<<<<
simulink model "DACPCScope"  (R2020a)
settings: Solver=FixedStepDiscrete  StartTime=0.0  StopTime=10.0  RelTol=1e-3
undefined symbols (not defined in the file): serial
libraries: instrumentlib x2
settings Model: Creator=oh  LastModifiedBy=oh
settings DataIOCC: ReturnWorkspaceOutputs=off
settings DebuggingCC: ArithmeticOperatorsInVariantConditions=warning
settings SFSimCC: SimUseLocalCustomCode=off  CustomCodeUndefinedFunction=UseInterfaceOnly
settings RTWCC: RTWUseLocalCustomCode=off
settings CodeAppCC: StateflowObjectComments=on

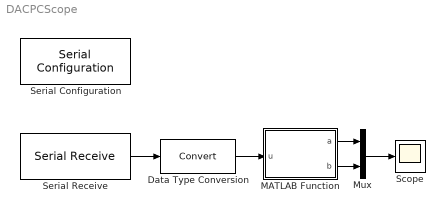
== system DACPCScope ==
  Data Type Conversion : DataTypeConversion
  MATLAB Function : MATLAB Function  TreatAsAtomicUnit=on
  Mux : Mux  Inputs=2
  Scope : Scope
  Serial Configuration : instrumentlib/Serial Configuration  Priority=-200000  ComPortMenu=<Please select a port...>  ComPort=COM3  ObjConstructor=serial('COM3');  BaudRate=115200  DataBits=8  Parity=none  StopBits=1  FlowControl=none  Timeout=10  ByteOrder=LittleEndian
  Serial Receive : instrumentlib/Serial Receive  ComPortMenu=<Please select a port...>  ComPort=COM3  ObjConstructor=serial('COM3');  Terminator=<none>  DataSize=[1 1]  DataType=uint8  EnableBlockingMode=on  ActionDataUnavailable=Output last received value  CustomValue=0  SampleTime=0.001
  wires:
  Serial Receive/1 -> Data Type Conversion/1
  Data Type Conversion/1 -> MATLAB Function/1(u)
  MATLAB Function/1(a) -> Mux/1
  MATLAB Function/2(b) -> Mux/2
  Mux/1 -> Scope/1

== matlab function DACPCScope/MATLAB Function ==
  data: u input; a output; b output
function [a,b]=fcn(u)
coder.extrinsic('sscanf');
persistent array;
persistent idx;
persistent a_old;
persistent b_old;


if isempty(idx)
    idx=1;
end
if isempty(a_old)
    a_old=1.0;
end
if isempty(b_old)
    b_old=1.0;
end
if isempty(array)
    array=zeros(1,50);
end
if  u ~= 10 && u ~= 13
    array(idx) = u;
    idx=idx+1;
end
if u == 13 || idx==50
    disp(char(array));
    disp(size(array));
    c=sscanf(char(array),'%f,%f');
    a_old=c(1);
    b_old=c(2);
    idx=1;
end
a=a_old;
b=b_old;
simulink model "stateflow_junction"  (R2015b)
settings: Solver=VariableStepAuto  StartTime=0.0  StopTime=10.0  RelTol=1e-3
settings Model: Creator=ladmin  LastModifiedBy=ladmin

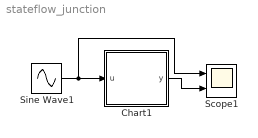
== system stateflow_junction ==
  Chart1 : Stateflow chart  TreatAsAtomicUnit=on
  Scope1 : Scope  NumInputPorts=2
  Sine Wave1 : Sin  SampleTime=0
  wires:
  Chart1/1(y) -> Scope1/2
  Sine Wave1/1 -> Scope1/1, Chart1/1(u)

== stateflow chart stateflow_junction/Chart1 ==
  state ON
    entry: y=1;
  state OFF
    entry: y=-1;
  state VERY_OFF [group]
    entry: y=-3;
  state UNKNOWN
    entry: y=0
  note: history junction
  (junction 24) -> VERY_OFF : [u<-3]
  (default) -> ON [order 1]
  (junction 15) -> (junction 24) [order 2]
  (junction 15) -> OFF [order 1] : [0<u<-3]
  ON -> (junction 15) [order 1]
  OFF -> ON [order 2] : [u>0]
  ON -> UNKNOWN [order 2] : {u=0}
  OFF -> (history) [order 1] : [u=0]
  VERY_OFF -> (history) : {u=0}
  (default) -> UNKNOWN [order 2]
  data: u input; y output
>>>>
> EXERCISE OBJECTIVE
In the listing above, take the line containing "Sine Wave1/1 -> Scope1/1, Chart1/1(u)" as the start and write out every line through the last one exactly, with nothing added.

> EXERCISE RESPONSE
  Sine Wave1/1 -> Scope1/1, Chart1/1(u)

== stateflow chart stateflow_junction/Chart1 ==
  state ON
    entry: y=1;
  state OFF
    entry: y=-1;
  state VERY_OFF [group]
    entry: y=-3;
  state UNKNOWN
    entry: y=0
  note: history junction
  (junction 24) -> VERY_OFF : [u<-3]
  (default) -> ON [order 1]
  (junction 15) -> (junction 24) [order 2]
  (junction 15) -> OFF [order 1] : [0<u<-3]
  ON -> (junction 15) [order 1]
  OFF -> ON [order 2] : [u>0]
  ON -> UNKNOWN [order 2] : {u=0}
  OFF -> (history) [order 1] : [u=0]
  VERY_OFF -> (history) : {u=0}
  (default) -> UNKNOWN [order 2]
  data: u input; y output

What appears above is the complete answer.